### [What you are asked to do]
Your reply should consist solely of the lines from the one containing "Q Separation/MATLAB Function2" through the end of the data, restated word for word.
Exercise materials section start
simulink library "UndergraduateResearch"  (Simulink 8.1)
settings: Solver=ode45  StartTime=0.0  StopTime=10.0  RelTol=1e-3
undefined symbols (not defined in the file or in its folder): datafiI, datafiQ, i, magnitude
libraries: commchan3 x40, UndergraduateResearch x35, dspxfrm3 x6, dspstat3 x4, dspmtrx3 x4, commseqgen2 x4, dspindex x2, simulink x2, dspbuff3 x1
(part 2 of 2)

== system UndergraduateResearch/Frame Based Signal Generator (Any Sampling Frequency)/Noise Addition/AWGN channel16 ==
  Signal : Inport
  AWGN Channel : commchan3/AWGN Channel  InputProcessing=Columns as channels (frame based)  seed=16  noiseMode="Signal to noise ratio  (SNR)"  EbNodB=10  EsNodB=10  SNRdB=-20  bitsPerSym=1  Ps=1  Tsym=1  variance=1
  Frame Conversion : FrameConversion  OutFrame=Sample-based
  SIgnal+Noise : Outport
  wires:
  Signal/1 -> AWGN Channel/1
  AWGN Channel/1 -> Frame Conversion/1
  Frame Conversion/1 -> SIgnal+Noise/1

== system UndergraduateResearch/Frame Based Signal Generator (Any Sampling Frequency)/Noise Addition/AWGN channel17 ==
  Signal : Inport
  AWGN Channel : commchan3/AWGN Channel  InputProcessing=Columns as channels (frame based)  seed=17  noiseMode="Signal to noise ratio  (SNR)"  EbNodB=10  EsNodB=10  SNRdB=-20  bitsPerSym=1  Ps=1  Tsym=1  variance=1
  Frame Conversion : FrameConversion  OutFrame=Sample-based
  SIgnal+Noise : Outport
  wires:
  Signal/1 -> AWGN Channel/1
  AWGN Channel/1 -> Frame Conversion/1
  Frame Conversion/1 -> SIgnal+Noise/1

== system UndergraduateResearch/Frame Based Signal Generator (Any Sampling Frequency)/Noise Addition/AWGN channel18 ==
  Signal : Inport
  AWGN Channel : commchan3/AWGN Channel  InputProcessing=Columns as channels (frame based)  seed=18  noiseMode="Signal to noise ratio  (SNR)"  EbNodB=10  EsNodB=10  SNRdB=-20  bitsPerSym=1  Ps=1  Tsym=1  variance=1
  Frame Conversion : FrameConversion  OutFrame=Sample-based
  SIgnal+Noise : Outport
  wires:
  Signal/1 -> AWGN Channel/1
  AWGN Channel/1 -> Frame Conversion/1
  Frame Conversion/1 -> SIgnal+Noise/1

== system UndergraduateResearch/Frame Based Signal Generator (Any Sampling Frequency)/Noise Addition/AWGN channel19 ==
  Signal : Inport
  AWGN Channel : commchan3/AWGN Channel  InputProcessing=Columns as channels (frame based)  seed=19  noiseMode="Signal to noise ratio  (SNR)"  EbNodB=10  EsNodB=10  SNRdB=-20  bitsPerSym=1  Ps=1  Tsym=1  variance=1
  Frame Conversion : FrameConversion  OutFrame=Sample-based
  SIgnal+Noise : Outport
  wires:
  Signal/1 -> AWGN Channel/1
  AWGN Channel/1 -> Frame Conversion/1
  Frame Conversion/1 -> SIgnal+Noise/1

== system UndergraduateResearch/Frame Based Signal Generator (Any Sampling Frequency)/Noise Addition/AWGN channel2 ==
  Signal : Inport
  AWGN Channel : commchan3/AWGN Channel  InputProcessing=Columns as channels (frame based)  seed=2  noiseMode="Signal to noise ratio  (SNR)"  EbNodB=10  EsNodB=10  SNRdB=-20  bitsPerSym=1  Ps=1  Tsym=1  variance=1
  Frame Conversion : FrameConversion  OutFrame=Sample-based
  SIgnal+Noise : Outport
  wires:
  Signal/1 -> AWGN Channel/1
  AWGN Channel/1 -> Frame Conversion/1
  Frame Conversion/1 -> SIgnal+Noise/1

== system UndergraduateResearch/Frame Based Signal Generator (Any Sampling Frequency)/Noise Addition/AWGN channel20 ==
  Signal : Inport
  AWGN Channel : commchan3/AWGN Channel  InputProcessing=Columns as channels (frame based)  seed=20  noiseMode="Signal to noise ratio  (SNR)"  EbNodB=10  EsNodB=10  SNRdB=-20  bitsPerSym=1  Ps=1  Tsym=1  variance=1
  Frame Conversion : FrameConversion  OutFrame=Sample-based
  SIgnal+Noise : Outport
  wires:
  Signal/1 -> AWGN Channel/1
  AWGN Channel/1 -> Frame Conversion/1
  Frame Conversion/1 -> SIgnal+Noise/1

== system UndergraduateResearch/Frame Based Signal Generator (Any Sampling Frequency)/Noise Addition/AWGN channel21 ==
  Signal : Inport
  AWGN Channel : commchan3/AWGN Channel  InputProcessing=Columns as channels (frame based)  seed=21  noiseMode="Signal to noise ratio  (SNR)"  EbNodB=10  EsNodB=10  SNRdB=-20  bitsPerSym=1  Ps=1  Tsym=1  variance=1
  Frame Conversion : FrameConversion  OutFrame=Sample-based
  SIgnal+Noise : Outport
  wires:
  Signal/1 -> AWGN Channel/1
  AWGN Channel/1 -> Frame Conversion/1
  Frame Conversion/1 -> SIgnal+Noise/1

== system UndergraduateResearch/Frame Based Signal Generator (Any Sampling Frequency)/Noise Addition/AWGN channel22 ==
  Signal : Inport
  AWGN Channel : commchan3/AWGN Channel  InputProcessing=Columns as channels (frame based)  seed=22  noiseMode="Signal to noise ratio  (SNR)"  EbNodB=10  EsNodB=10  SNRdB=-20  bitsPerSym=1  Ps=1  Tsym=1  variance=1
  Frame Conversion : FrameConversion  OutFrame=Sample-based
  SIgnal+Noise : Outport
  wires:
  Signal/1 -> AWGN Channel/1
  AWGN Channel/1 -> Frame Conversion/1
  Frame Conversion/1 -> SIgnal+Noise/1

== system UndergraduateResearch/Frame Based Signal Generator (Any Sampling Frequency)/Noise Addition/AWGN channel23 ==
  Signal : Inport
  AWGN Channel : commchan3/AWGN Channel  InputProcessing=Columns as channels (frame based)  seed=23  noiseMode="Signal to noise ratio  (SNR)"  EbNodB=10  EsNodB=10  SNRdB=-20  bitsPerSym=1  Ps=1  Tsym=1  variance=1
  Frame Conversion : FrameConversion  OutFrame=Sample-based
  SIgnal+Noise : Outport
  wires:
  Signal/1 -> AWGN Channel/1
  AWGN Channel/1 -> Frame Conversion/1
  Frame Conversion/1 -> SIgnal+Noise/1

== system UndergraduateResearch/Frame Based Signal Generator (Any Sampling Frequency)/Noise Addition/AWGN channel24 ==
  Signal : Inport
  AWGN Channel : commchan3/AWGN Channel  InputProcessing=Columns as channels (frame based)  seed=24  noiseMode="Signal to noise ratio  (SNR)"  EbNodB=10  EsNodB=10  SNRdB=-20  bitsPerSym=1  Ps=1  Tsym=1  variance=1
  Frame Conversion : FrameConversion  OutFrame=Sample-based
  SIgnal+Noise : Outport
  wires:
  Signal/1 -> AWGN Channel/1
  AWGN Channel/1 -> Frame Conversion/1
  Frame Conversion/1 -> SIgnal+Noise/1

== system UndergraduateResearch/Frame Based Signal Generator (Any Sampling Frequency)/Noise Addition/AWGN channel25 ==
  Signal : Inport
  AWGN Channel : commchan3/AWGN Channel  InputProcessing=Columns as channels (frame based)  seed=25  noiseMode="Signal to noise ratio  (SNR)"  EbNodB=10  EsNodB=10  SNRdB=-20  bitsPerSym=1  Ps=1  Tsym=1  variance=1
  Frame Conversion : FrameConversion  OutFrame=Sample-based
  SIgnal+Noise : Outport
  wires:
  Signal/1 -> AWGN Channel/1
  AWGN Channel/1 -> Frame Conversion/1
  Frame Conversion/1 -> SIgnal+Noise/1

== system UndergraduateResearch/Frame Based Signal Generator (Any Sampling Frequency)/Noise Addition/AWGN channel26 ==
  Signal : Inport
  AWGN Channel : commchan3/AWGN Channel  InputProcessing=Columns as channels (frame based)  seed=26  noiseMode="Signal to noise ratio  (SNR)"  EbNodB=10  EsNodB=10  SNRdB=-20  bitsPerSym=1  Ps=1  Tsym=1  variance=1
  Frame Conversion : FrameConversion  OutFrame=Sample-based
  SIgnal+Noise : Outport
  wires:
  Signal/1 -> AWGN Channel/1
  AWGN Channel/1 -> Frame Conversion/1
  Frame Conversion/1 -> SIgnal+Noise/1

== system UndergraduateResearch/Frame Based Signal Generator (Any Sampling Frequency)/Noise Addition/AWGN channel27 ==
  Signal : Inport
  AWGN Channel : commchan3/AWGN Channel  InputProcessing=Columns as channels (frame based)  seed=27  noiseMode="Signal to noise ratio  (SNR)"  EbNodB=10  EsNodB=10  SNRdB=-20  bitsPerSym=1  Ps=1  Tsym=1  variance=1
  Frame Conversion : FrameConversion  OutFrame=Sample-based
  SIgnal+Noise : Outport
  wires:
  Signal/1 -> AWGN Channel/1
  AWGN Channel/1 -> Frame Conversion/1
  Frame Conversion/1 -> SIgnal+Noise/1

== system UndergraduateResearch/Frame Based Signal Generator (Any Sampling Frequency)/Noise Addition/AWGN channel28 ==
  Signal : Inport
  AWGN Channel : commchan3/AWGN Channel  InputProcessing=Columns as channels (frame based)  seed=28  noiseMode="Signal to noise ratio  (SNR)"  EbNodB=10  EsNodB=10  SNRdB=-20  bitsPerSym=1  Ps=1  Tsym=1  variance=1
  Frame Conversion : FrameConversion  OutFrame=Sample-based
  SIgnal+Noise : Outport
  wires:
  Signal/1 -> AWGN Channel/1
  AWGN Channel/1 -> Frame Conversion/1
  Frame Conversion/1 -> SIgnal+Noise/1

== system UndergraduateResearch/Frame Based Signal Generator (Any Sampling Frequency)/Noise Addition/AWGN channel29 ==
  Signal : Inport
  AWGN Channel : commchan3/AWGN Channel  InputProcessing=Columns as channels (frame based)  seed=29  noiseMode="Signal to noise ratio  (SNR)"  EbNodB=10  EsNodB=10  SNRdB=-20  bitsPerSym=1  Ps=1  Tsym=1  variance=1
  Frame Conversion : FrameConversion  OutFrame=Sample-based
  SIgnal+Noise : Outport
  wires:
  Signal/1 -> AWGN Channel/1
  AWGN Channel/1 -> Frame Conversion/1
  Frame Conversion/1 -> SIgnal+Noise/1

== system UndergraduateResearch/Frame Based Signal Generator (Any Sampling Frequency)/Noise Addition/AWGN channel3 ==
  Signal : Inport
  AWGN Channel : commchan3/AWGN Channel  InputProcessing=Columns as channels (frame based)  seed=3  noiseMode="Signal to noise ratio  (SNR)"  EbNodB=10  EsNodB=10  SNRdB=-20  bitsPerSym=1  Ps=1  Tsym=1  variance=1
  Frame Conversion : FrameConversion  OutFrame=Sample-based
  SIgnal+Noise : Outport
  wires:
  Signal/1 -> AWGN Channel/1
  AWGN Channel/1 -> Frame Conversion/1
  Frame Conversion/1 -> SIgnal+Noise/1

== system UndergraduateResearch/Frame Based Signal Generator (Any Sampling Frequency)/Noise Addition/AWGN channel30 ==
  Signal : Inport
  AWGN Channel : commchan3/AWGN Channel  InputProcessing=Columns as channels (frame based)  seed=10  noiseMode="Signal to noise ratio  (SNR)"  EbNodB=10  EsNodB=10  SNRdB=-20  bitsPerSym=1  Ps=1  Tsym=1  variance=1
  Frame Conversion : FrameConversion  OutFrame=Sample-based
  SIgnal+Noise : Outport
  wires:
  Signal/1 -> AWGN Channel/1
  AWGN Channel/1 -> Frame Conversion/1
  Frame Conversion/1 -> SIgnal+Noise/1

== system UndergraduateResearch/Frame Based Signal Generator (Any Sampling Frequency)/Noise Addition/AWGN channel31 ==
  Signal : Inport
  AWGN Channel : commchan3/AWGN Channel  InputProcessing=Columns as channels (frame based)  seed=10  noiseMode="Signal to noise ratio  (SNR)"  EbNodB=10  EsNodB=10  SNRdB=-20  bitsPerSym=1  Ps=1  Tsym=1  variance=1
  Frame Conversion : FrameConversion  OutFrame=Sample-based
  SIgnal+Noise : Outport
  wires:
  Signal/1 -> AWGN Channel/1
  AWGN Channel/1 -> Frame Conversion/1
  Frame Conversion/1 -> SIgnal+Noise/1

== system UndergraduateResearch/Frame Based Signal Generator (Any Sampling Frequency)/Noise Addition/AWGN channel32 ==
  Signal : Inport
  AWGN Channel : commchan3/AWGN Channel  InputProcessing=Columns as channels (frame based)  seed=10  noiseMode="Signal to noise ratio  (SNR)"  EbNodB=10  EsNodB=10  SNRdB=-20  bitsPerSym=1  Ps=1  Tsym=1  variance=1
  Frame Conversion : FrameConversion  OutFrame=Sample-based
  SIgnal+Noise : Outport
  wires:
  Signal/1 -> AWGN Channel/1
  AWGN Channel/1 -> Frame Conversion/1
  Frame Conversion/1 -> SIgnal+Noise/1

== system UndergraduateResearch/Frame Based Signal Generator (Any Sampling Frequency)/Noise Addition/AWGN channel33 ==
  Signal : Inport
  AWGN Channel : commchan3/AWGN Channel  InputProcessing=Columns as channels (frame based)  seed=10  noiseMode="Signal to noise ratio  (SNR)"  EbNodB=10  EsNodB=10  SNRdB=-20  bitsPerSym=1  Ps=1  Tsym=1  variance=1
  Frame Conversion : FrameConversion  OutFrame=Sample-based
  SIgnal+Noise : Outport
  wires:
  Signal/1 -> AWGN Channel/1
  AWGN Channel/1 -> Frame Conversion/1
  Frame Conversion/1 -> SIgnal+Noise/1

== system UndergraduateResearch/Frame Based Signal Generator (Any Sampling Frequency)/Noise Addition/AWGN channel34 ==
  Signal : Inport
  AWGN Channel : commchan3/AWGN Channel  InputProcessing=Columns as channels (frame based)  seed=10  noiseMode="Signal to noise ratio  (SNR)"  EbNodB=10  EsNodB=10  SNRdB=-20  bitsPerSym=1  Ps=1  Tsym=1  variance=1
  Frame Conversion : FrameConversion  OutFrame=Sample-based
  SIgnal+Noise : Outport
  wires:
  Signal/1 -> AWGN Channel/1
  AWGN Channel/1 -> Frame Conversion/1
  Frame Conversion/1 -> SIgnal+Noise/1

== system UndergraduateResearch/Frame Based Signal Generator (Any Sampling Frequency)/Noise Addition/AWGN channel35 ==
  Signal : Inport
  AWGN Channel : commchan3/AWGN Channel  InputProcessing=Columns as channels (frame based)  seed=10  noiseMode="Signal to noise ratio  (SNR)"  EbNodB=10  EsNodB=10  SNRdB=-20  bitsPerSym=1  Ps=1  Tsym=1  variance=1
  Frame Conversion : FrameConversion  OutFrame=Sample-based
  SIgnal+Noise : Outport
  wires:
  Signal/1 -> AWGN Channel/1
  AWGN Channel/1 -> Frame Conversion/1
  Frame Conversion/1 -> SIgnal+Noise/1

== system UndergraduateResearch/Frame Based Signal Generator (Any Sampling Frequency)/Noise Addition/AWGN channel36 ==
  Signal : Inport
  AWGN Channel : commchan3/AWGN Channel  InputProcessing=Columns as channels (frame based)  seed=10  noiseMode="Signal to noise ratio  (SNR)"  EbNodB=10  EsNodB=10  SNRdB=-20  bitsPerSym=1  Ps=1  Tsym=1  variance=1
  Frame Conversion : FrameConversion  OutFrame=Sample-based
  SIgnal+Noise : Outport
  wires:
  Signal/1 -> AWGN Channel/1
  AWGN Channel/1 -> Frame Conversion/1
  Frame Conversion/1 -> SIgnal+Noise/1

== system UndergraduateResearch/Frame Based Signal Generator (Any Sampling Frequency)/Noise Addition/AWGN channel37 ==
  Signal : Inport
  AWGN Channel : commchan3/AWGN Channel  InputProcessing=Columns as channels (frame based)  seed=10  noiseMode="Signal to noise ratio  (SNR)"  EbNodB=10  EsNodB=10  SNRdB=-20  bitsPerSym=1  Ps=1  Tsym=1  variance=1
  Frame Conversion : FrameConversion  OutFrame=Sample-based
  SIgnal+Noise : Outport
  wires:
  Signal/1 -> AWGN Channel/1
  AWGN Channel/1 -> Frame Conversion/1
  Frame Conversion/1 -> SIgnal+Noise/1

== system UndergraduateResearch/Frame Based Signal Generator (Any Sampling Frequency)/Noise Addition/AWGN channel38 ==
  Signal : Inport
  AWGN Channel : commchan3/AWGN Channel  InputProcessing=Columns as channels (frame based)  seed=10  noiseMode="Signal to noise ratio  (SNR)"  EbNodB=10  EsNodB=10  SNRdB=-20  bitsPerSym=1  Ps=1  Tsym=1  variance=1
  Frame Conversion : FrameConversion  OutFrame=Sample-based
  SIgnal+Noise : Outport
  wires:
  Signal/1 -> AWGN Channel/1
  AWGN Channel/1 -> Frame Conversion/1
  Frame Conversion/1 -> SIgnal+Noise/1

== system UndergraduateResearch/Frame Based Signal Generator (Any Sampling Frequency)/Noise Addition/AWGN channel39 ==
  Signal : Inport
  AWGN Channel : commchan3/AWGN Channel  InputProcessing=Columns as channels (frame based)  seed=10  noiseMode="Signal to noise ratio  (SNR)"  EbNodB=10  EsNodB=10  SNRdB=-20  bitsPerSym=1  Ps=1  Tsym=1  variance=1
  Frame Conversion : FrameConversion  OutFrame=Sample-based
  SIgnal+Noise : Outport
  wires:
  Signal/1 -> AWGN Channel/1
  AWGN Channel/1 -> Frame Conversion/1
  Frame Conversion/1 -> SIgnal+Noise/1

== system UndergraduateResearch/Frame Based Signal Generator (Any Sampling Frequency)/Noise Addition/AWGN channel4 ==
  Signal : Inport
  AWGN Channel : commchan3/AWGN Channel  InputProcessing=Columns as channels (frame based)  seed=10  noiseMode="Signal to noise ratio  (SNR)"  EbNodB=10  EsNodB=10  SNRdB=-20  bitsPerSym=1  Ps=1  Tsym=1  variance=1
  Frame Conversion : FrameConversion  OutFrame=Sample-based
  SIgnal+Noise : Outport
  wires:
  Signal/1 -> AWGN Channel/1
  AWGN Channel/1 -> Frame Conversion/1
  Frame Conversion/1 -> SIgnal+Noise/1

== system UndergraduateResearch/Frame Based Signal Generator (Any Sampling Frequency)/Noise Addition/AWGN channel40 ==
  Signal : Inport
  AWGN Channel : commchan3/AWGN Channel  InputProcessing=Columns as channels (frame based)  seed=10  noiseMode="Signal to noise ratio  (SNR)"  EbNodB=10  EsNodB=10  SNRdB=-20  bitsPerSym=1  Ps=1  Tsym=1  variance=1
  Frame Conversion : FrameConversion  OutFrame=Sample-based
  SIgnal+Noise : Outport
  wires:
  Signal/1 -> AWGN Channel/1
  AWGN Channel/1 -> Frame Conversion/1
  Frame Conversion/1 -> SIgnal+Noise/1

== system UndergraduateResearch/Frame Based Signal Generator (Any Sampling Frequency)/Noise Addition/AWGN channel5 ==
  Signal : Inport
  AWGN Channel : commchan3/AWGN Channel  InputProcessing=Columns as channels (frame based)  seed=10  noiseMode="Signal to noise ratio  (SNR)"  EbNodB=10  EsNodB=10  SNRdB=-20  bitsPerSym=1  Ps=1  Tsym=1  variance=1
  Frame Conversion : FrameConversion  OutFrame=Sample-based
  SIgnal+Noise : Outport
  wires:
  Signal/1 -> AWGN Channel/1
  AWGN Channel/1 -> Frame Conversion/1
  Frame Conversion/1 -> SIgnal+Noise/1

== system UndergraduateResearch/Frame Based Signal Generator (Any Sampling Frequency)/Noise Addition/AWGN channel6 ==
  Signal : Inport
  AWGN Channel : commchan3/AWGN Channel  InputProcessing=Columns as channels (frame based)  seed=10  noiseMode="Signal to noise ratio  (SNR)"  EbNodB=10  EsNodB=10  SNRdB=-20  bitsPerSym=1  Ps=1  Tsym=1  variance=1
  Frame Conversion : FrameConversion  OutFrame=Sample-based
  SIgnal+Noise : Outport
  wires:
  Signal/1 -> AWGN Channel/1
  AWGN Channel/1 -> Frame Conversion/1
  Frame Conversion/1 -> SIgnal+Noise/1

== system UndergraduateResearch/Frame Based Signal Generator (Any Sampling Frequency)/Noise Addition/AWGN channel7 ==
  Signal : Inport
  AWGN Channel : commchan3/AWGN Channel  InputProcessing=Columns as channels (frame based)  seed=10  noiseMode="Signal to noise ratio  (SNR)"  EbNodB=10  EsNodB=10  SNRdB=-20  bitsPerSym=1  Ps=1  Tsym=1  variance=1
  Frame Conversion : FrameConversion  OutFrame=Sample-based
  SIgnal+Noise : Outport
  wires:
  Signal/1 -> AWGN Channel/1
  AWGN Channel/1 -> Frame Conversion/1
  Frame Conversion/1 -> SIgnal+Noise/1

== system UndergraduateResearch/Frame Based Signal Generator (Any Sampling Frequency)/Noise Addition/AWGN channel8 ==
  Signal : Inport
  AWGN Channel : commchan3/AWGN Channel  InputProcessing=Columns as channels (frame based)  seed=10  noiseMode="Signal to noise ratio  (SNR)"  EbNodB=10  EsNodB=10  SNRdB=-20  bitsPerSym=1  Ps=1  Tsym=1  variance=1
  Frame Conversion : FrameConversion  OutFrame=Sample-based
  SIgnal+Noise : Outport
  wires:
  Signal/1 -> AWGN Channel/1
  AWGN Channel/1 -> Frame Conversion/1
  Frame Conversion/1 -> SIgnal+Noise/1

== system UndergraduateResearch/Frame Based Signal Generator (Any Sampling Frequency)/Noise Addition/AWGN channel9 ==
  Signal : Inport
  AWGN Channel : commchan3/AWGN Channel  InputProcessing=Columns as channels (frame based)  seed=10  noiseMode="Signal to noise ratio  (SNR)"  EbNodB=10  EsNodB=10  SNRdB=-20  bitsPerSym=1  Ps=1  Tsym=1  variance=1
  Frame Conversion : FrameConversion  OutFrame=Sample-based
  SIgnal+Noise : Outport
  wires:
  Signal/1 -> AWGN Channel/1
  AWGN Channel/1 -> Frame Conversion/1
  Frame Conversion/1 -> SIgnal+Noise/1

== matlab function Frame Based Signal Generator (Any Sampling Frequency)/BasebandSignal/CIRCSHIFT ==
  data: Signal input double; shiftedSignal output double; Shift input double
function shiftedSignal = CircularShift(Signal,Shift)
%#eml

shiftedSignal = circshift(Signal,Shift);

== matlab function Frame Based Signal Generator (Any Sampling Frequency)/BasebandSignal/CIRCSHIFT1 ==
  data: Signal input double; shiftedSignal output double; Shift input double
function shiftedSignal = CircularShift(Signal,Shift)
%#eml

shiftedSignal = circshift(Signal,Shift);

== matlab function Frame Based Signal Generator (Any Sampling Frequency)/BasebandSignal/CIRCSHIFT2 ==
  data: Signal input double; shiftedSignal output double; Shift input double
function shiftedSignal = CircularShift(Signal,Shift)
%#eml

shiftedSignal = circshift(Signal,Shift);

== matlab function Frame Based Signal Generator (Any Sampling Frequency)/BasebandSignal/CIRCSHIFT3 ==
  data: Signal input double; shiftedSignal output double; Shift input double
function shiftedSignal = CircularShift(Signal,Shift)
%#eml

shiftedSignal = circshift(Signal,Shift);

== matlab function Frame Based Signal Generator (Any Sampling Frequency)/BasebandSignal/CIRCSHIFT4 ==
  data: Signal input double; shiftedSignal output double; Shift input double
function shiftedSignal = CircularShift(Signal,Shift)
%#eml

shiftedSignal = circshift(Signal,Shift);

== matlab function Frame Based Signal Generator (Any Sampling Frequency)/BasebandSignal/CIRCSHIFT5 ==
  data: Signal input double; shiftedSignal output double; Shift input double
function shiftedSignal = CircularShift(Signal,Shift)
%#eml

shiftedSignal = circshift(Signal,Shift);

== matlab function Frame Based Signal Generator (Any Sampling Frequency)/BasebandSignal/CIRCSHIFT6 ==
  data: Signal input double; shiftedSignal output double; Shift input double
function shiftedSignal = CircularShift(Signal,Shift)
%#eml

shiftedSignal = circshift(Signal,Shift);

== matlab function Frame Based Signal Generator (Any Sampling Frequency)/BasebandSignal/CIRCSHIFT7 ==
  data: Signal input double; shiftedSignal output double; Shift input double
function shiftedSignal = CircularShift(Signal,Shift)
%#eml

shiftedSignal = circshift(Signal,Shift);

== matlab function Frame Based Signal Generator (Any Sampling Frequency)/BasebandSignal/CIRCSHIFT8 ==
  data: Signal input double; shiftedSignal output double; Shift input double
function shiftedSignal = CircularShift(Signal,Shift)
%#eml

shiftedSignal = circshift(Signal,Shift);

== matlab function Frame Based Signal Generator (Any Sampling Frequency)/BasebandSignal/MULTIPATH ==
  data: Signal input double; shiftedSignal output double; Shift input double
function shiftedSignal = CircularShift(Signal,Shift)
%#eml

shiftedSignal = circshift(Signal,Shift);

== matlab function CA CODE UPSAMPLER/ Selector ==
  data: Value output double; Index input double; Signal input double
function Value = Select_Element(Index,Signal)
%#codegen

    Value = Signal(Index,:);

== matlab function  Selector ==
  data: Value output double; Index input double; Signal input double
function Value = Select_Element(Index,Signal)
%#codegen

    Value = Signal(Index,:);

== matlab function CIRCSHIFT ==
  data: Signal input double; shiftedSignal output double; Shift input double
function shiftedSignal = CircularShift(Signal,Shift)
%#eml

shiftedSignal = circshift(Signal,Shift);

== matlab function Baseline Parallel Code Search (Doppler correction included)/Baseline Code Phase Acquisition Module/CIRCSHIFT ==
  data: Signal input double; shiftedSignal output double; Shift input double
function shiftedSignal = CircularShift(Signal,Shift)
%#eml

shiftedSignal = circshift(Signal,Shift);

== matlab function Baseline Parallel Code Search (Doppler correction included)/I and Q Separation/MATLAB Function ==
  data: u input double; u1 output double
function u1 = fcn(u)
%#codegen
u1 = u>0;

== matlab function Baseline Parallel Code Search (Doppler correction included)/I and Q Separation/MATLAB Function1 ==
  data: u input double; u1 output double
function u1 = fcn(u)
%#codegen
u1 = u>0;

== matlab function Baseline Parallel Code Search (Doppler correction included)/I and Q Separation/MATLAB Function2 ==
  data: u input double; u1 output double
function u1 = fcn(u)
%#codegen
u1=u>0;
Exercise materials section end
### [Final answer]
== matlab function Baseline Parallel Code Search (Doppler correction included)/I and Q Separation/MATLAB Function2 ==
  data: u input double; u1 output double
function u1 = fcn(u)
%#codegen
u1=u>0;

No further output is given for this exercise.